# triking today



## 3tyretrackterry (7 Jun 2009)

well i managed it twice this weekend dodged the rain showers and managed to get a few miles under the wheels saved me from going stir crazy indoors. anyone else get out and about


----------



## Chonker (7 Jun 2009)

Ride today got cancelled due to torrential downpours this morning (shame 'cos it actually turned out rather nice). Off camping in wales for a few days now and the trike's coming with me


----------



## Auntie Helen (7 Jun 2009)

Was meant to be going on the cancelled ride so did two alternative rides at home - 14 miles in the morning, 20 miles just now to buy some milk and mushrooms.

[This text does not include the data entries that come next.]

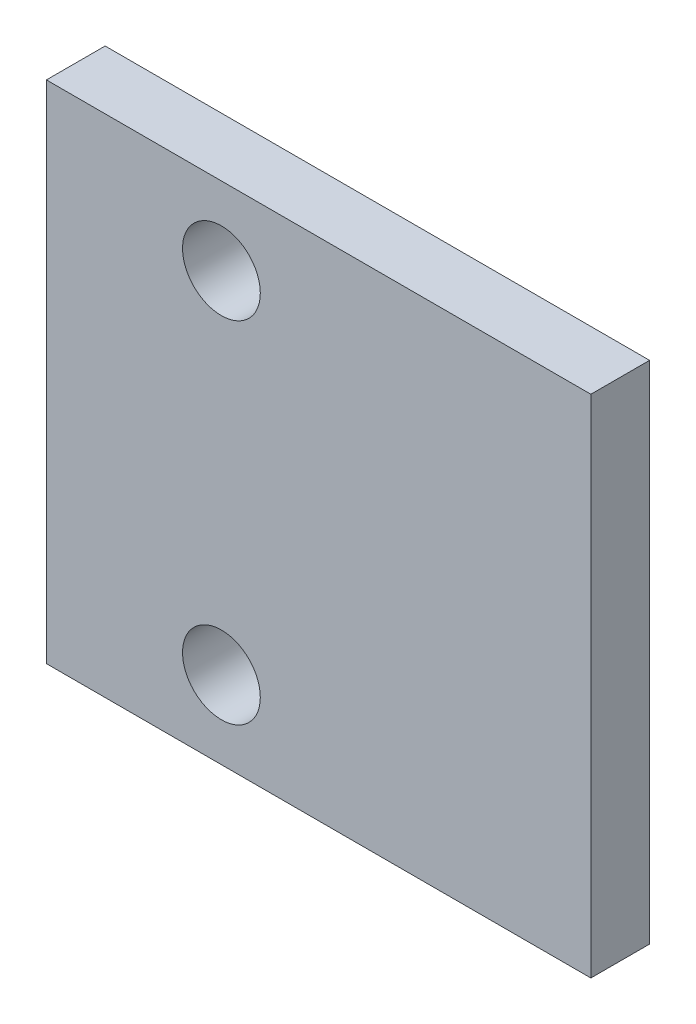
ISO-10303-21;
HEADER;
FILE_DESCRIPTION(('STEP AP214'),'2;1');
FILE_NAME('part.step','',(''),(''),'','','');
FILE_SCHEMA(('AUTOMOTIVE_DESIGN { 1 0 10303 214 1 1 1 1 }'));
ENDSEC;
DATA;
#1=APPLICATION_CONTEXT('core data for automotive mechanical design processes');
#2=APPLICATION_PROTOCOL_DEFINITION('international standard','automotive_design',2000,#1);
#3=PRODUCT_CONTEXT('',#1,'mechanical');
#4=PRODUCT('Part','Part','',(#3));
#5=PRODUCT_RELATED_PRODUCT_CATEGORY('part','',(#4));
#6=PRODUCT_DEFINITION_FORMATION('','',#4);
#7=PRODUCT_DEFINITION_CONTEXT('part definition',#1,'design');
#8=PRODUCT_DEFINITION('design','',#6,#7);
#9=PRODUCT_DEFINITION_SHAPE('','',#8);
#10=(LENGTH_UNIT() NAMED_UNIT(*) SI_UNIT(.MILLI.,.METRE.));
#11=(NAMED_UNIT(*) PLANE_ANGLE_UNIT() SI_UNIT($,.RADIAN.));
#12=(NAMED_UNIT(*) SI_UNIT($,.STERADIAN.) SOLID_ANGLE_UNIT());
#13=UNCERTAINTY_MEASURE_WITH_UNIT(LENGTH_MEASURE(1.E-05),#10,'distance_accuracy_value','');
#14=(GEOMETRIC_REPRESENTATION_CONTEXT(3) GLOBAL_UNCERTAINTY_ASSIGNED_CONTEXT((#13)) GLOBAL_UNIT_ASSIGNED_CONTEXT((#10,
#11,#12)) REPRESENTATION_CONTEXT('',''));
#15=CARTESIAN_POINT('',(0.,0.,0.));
#16=DIRECTION('',(0.,0.,1.));
#17=DIRECTION('',(1.,0.,0.));
#18=AXIS2_PLACEMENT_3D('',#15,#16,#17);
#19=CARTESIAN_POINT('',(0.,0.,1.51));
#20=DIRECTION('',(0.,0.,1.));
#21=DIRECTION('',(1.,0.,0.));
#22=AXIS2_PLACEMENT_3D('',#19,#20,#21);
#23=PLANE('',#22);
#24=CARTESIAN_POINT('',(153.5,-92.5,1.51));
#25=DIRECTION('',(0.,0.,1.));
#26=DIRECTION('',(1.,0.,0.));
#27=AXIS2_PLACEMENT_3D('',#24,#25,#26);
#28=CIRCLE('',#27,1.);
#29=CARTESIAN_POINT('',(154.5,-92.5,1.51));
#30=VERTEX_POINT('',#29);
#31=EDGE_CURVE('E25',#30,#30,#28,.T.);
#32=ORIENTED_EDGE('',*,*,#31,.F.);
#33=EDGE_LOOP('',(#32));
#34=FACE_BOUND('',#33,.T.);
#35=CARTESIAN_POINT('',(153.5,-101.5,1.51));
#36=DIRECTION('',(0.,0.,1.));
#37=DIRECTION('',(1.,0.,0.));
#38=AXIS2_PLACEMENT_3D('',#35,#36,#37);
#39=CIRCLE('',#38,1.);
#40=CARTESIAN_POINT('',(154.5,-101.5,1.51));
#41=VERTEX_POINT('',#40);
#42=EDGE_CURVE('E124',#41,#41,#39,.T.);
#43=ORIENTED_EDGE('',*,*,#42,.F.);
#44=EDGE_LOOP('',(#43));
#45=FACE_BOUND('',#44,.T.);
#46=DIRECTION('',(0.,-1.,0.));
#47=VECTOR('',#46,1.);
#48=CARTESIAN_POINT('',(163.,-90.5,1.51));
#49=LINE('',#48,#47);
#50=CARTESIAN_POINT('',(163.,-90.5,1.51));
#51=VERTEX_POINT('',#50);
#52=CARTESIAN_POINT('',(163.,-103.5,1.51));
#53=VERTEX_POINT('',#52);
#54=EDGE_CURVE('E76',#51,#53,#49,.T.);
#55=ORIENTED_EDGE('',*,*,#54,.F.);
#56=DIRECTION('',(1.,0.,0.));
#57=VECTOR('',#56,1.);
#58=CARTESIAN_POINT('',(149.,-90.5,1.51));
#59=LINE('',#58,#57);
#60=CARTESIAN_POINT('',(149.,-90.5,1.51));
#61=VERTEX_POINT('',#60);
#62=EDGE_CURVE('E129',#61,#51,#59,.T.);
#63=ORIENTED_EDGE('',*,*,#62,.F.);
#64=DIRECTION('',(0.,1.,0.));
#65=VECTOR('',#64,1.);
#66=CARTESIAN_POINT('',(149.,-103.5,1.51));
#67=LINE('',#66,#65);
#68=CARTESIAN_POINT('',(149.,-103.5,1.51));
#69=VERTEX_POINT('',#68);
#70=EDGE_CURVE('E112',#69,#61,#67,.T.);
#71=ORIENTED_EDGE('',*,*,#70,.F.);
#72=DIRECTION('',(-1.,0.,0.));
#73=VECTOR('',#72,1.);
#74=CARTESIAN_POINT('',(163.,-103.5,1.51));
#75=LINE('',#74,#73);
#76=EDGE_CURVE('E116',#53,#69,#75,.T.);
#77=ORIENTED_EDGE('',*,*,#76,.F.);
#78=EDGE_LOOP('',(#55,#63,#71,#77));
#79=FACE_BOUND('',#78,.T.);
#80=ADVANCED_FACE('F17',(#34,#45,#79),#23,.T.);
#81=CARTESIAN_POINT('',(0.,0.,0.));
#82=DIRECTION('',(0.,0.,1.));
#83=DIRECTION('',(1.,0.,0.));
#84=AXIS2_PLACEMENT_3D('',#81,#82,#83);
#85=PLANE('',#84);
#86=CARTESIAN_POINT('',(153.5,-92.5,0.));
#87=DIRECTION('',(0.,0.,1.));
#88=DIRECTION('',(1.,0.,0.));
#89=AXIS2_PLACEMENT_3D('',#86,#87,#88);
#90=CIRCLE('',#89,1.);
#91=CARTESIAN_POINT('',(154.5,-92.5,0.));
#92=VERTEX_POINT('',#91);
#93=EDGE_CURVE('E11',#92,#92,#90,.T.);
#94=ORIENTED_EDGE('',*,*,#93,.T.);
#95=EDGE_LOOP('',(#94));
#96=FACE_BOUND('',#95,.T.);
#97=CARTESIAN_POINT('',(153.5,-101.5,0.));
#98=DIRECTION('',(0.,0.,1.));
#99=DIRECTION('',(1.,0.,0.));
#100=AXIS2_PLACEMENT_3D('',#97,#98,#99);
#101=CIRCLE('',#100,1.);
#102=CARTESIAN_POINT('',(154.5,-101.5,0.));
#103=VERTEX_POINT('',#102);
#104=EDGE_CURVE('E135',#103,#103,#101,.T.);
#105=ORIENTED_EDGE('',*,*,#104,.T.);
#106=EDGE_LOOP('',(#105));
#107=FACE_BOUND('',#106,.T.);
#108=DIRECTION('',(-1.,0.,0.));
#109=VECTOR('',#108,1.);
#110=CARTESIAN_POINT('',(163.,-103.5,0.));
#111=LINE('',#110,#109);
#112=CARTESIAN_POINT('',(163.,-103.5,0.));
#113=VERTEX_POINT('',#112);
#114=CARTESIAN_POINT('',(149.,-103.5,0.));
#115=VERTEX_POINT('',#114);
#116=EDGE_CURVE('E97',#113,#115,#111,.T.);
#117=ORIENTED_EDGE('',*,*,#116,.T.);
#118=DIRECTION('',(0.,1.,0.));
#119=VECTOR('',#118,1.);
#120=CARTESIAN_POINT('',(149.,-103.5,0.));
#121=LINE('',#120,#119);
#122=CARTESIAN_POINT('',(149.,-90.5,0.));
#123=VERTEX_POINT('',#122);
#124=EDGE_CURVE('E126',#115,#123,#121,.T.);
#125=ORIENTED_EDGE('',*,*,#124,.T.);
#126=DIRECTION('',(1.,0.,0.));
#127=VECTOR('',#126,1.);
#128=CARTESIAN_POINT('',(149.,-90.5,0.));
#129=LINE('',#128,#127);
#130=CARTESIAN_POINT('',(163.,-90.5,0.));
#131=VERTEX_POINT('',#130);
#132=EDGE_CURVE('E99',#123,#131,#129,.T.);
#133=ORIENTED_EDGE('',*,*,#132,.T.);
#134=DIRECTION('',(0.,-1.,0.));
#135=VECTOR('',#134,1.);
#136=CARTESIAN_POINT('',(163.,-90.5,0.));
#137=LINE('',#136,#135);
#138=EDGE_CURVE('E63',#131,#113,#137,.T.);
#139=ORIENTED_EDGE('',*,*,#138,.T.);
#140=EDGE_LOOP('',(#117,#125,#133,#139));
#141=FACE_BOUND('',#140,.T.);
#142=ADVANCED_FACE('F95',(#96,#107,#141),#85,.F.);
#143=CARTESIAN_POINT('',(153.5,-92.5,0.));
#144=DIRECTION('',(0.,0.,-1.));
#145=DIRECTION('',(1.,0.,0.));
#146=AXIS2_PLACEMENT_3D('',#143,#144,#145);
#147=CYLINDRICAL_SURFACE('',#146,1.);
#148=DIRECTION('',(0.,0.,1.));
#149=VECTOR('',#148,1.);
#150=CARTESIAN_POINT('',(154.5,-92.5,0.));
#151=LINE('',#150,#149);
#152=EDGE_CURVE('E154',#92,#30,#151,.T.);
#153=ORIENTED_EDGE('',*,*,#152,.T.);
#154=ORIENTED_EDGE('',*,*,#31,.T.);
#155=ORIENTED_EDGE('',*,*,#152,.F.);
#156=ORIENTED_EDGE('',*,*,#93,.F.);
#157=EDGE_LOOP('',(#153,#154,#155,#156));
#158=FACE_BOUND('',#157,.T.);
#159=ADVANCED_FACE('F190',(#158),#147,.F.);
#160=CARTESIAN_POINT('',(153.5,-101.5,0.));
#161=DIRECTION('',(0.,0.,-1.));
#162=DIRECTION('',(1.,0.,0.));
#163=AXIS2_PLACEMENT_3D('',#160,#161,#162);
#164=CYLINDRICAL_SURFACE('',#163,1.);
#165=DIRECTION('',(0.,0.,1.));
#166=VECTOR('',#165,1.);
#167=CARTESIAN_POINT('',(154.5,-101.5,0.));
#168=LINE('',#167,#166);
#169=EDGE_CURVE('E102',#103,#41,#168,.T.);
#170=ORIENTED_EDGE('',*,*,#169,.T.);
#171=ORIENTED_EDGE('',*,*,#42,.T.);
#172=ORIENTED_EDGE('',*,*,#169,.F.);
#173=ORIENTED_EDGE('',*,*,#104,.F.);
#174=EDGE_LOOP('',(#170,#171,#172,#173));
#175=FACE_BOUND('',#174,.T.);
#176=ADVANCED_FACE('F195',(#175),#164,.F.);
#177=CARTESIAN_POINT('',(163.,-90.5,0.));
#178=DIRECTION('',(1.,0.,0.));
#179=DIRECTION('',(0.,1.,0.));
#180=AXIS2_PLACEMENT_3D('',#177,#178,#179);
#181=PLANE('',#180);
#182=DIRECTION('',(0.,0.,1.));
#183=VECTOR('',#182,1.);
#184=CARTESIAN_POINT('',(163.,-90.5,0.));
#185=LINE('',#184,#183);
#186=EDGE_CURVE('E145',#131,#51,#185,.T.);
#187=ORIENTED_EDGE('',*,*,#186,.T.);
#188=ORIENTED_EDGE('',*,*,#54,.T.);
#189=DIRECTION('',(0.,0.,1.));
#190=VECTOR('',#189,1.);
#191=CARTESIAN_POINT('',(163.,-103.5,0.));
#192=LINE('',#191,#190);
#193=EDGE_CURVE('E108',#113,#53,#192,.T.);
#194=ORIENTED_EDGE('',*,*,#193,.F.);
#195=ORIENTED_EDGE('',*,*,#138,.F.);
#196=EDGE_LOOP('',(#187,#188,#194,#195));
#197=FACE_BOUND('',#196,.T.);
#198=ADVANCED_FACE('F114',(#197),#181,.T.);
#199=CARTESIAN_POINT('',(149.,-90.5,0.));
#200=DIRECTION('',(0.,1.,0.));
#201=DIRECTION('',(1.,0.,0.));
#202=AXIS2_PLACEMENT_3D('',#199,#200,#201);
#203=PLANE('',#202);
#204=DIRECTION('',(0.,0.,1.));
#205=VECTOR('',#204,1.);
#206=CARTESIAN_POINT('',(149.,-90.5,0.));
#207=LINE('',#206,#205);
#208=EDGE_CURVE('E130',#123,#61,#207,.T.);
#209=ORIENTED_EDGE('',*,*,#208,.T.);
#210=ORIENTED_EDGE('',*,*,#62,.T.);
#211=ORIENTED_EDGE('',*,*,#186,.F.);
#212=ORIENTED_EDGE('',*,*,#132,.F.);
#213=EDGE_LOOP('',(#209,#210,#211,#212));
#214=FACE_BOUND('',#213,.T.);
#215=ADVANCED_FACE('F163',(#214),#203,.T.);
#216=CARTESIAN_POINT('',(149.,-103.5,0.));
#217=DIRECTION('',(-1.,0.,0.));
#218=DIRECTION('',(0.,0.,1.));
#219=AXIS2_PLACEMENT_3D('',#216,#217,#218);
#220=PLANE('',#219);
#221=DIRECTION('',(0.,0.,1.));
#222=VECTOR('',#221,1.);
#223=CARTESIAN_POINT('',(149.,-103.5,0.));
#224=LINE('',#223,#222);
#225=EDGE_CURVE('E110',#115,#69,#224,.T.);
#226=ORIENTED_EDGE('',*,*,#225,.T.);
#227=ORIENTED_EDGE('',*,*,#70,.T.);
#228=ORIENTED_EDGE('',*,*,#208,.F.);
#229=ORIENTED_EDGE('',*,*,#124,.F.);
#230=EDGE_LOOP('',(#226,#227,#228,#229));
#231=FACE_BOUND('',#230,.T.);
#232=ADVANCED_FACE('F168',(#231),#220,.T.);
#233=CARTESIAN_POINT('',(163.,-103.5,0.));
#234=DIRECTION('',(0.,-1.,0.));
#235=DIRECTION('',(0.,0.,-1.));
#236=AXIS2_PLACEMENT_3D('',#233,#234,#235);
#237=PLANE('',#236);
#238=ORIENTED_EDGE('',*,*,#193,.T.);
#239=ORIENTED_EDGE('',*,*,#76,.T.);
#240=ORIENTED_EDGE('',*,*,#225,.F.);
#241=ORIENTED_EDGE('',*,*,#116,.F.);
#242=EDGE_LOOP('',(#238,#239,#240,#241));
#243=FACE_BOUND('',#242,.T.);
#244=ADVANCED_FACE('F106',(#243),#237,.T.);
#245=CLOSED_SHELL('',(#80,#142,#159,#176,#198,#215,#232,#244));
#246=MANIFOLD_SOLID_BREP('B1',#245);
#247=ADVANCED_BREP_SHAPE_REPRESENTATION('',(#18,#246),#14);
#248=SHAPE_DEFINITION_REPRESENTATION(#9,#247);
ENDSEC;
END-ISO-10303-21;

Glad I had my mudguards on - despite the lack of rain this afternoon there were some deep puddles on the road.


----------



## dataretriever (7 Jun 2009)

I'm jealous, I'm working away at the mo, sans trike....


----------



## marc-triker (7 Jun 2009)

we went out in the wet stuff 2day. we have had better ideas. only did about 20miles but carrying all that water it feels like at least double that.


----------



## 3tyretrackterry (7 Jun 2009)

Auntie Helen 
is it really 20mile round trip to get the milk
you put me to shame i suppose you drink Gold top

If carlsberg did milk runs!!!


----------



## Auntie Helen (7 Jun 2009)

Well it's actually an 8 mile round trip to that particular shop (I live in a village which doesn't have a shop so I have to do at least 3 miles to get to one) but I always like to extend the journey a bit.

The thing is, my 1000 miles per month target requires me to cycle 32 miles per day.

Just going out and cycling 32 miles is just too boring for me, and too repetitive.

I try to break it down into two separate rides, usually one 15 miles, one 20 miles. Both of these rides need to have SOME purpose, even if it's as minor as buying some milk or a baguette or something.

So this morning's 14 miles was the run to church (which is 5 miles away) and this afternoon's 20 was the milk run (which is 4 miles away), if that makes sense.


----------



## 45cotterless (9 Jun 2009)

Had a wonderful Sunday ride with marc-triker. Chaddeston looked it's best in the heavy downpours, coming back I managed a steady 20mph to get into the van and turn on the heater!
We would have enjoyed the Cycle Derby event , but it was cancelled due to weather; wooosies!!
http://photobucket.com/images/yellow submarine trice/


----------



## marc-triker (9 Jun 2009)

*wheels*

so busy watching our wheels 1 of the flags went missing.. oooppss..


----------



## Cullin (11 Jun 2009)

I managed 56 Miles on my ICE Q a couple of Sundays ago, I am running out of routes to go round Nottingham, Cover much the same ground now. Can't wait to get over to France again.

View: http://www.youtube.com/watch?v=brRM2agGBp4


----------



## 3tyretrackterry (12 Jun 2009)

I saw the videos on youtube most impressive 
You are welcome to come over to leicester and ride round with me We can do hills no hills or a mixture of the two. I am hoping to go up to the cloud trail this weekend weather permitting would love some company.
Ian


----------



## Cullin (15 Jun 2009)

*Triking Today.*

What a good day out that was Ian, we managed 57 Miles and our fastest downhill was 46 MPH.
We mustn't grumble about the Red Hot Scorching Sun that was beating down on us.
It was nice to get the oppotunity to meet you and your family and to try out the Cloud Trail.
My Wife has had me digging the garden with her today, no rest for the wicked.
Will hopefully get the video of our ride on YouTube today.
Cheers


----------



## DPatrick (6 Oct 2009)

Nice film, Cullin!
What equipment did you use? I am waiting impatiently to order one of the new Trice with front suspension.
DPatrick


----------



## Cullin (6 Oct 2009)

Hi DPatrick,
It was with an Action Camera ATC5K
https://www.actioncameras.co.uk/ATC5K_Action_Camera_By_Oregon_Scientific.html
I look forward to hearing when you receive your Trike, You will enjoy it..
Cheers


----------



## markg0vbr (11 Oct 2009)

I had a good weekend did, thornhill castelton over the pass down to edale, sun was out, had my kids with me. best bit probably the dissent down the tight bends overtaking the cars  well worth the assent. hit 44.7 mph i will have to have a go with some 1.75 tyres with 90psi, might loose some filings though


----------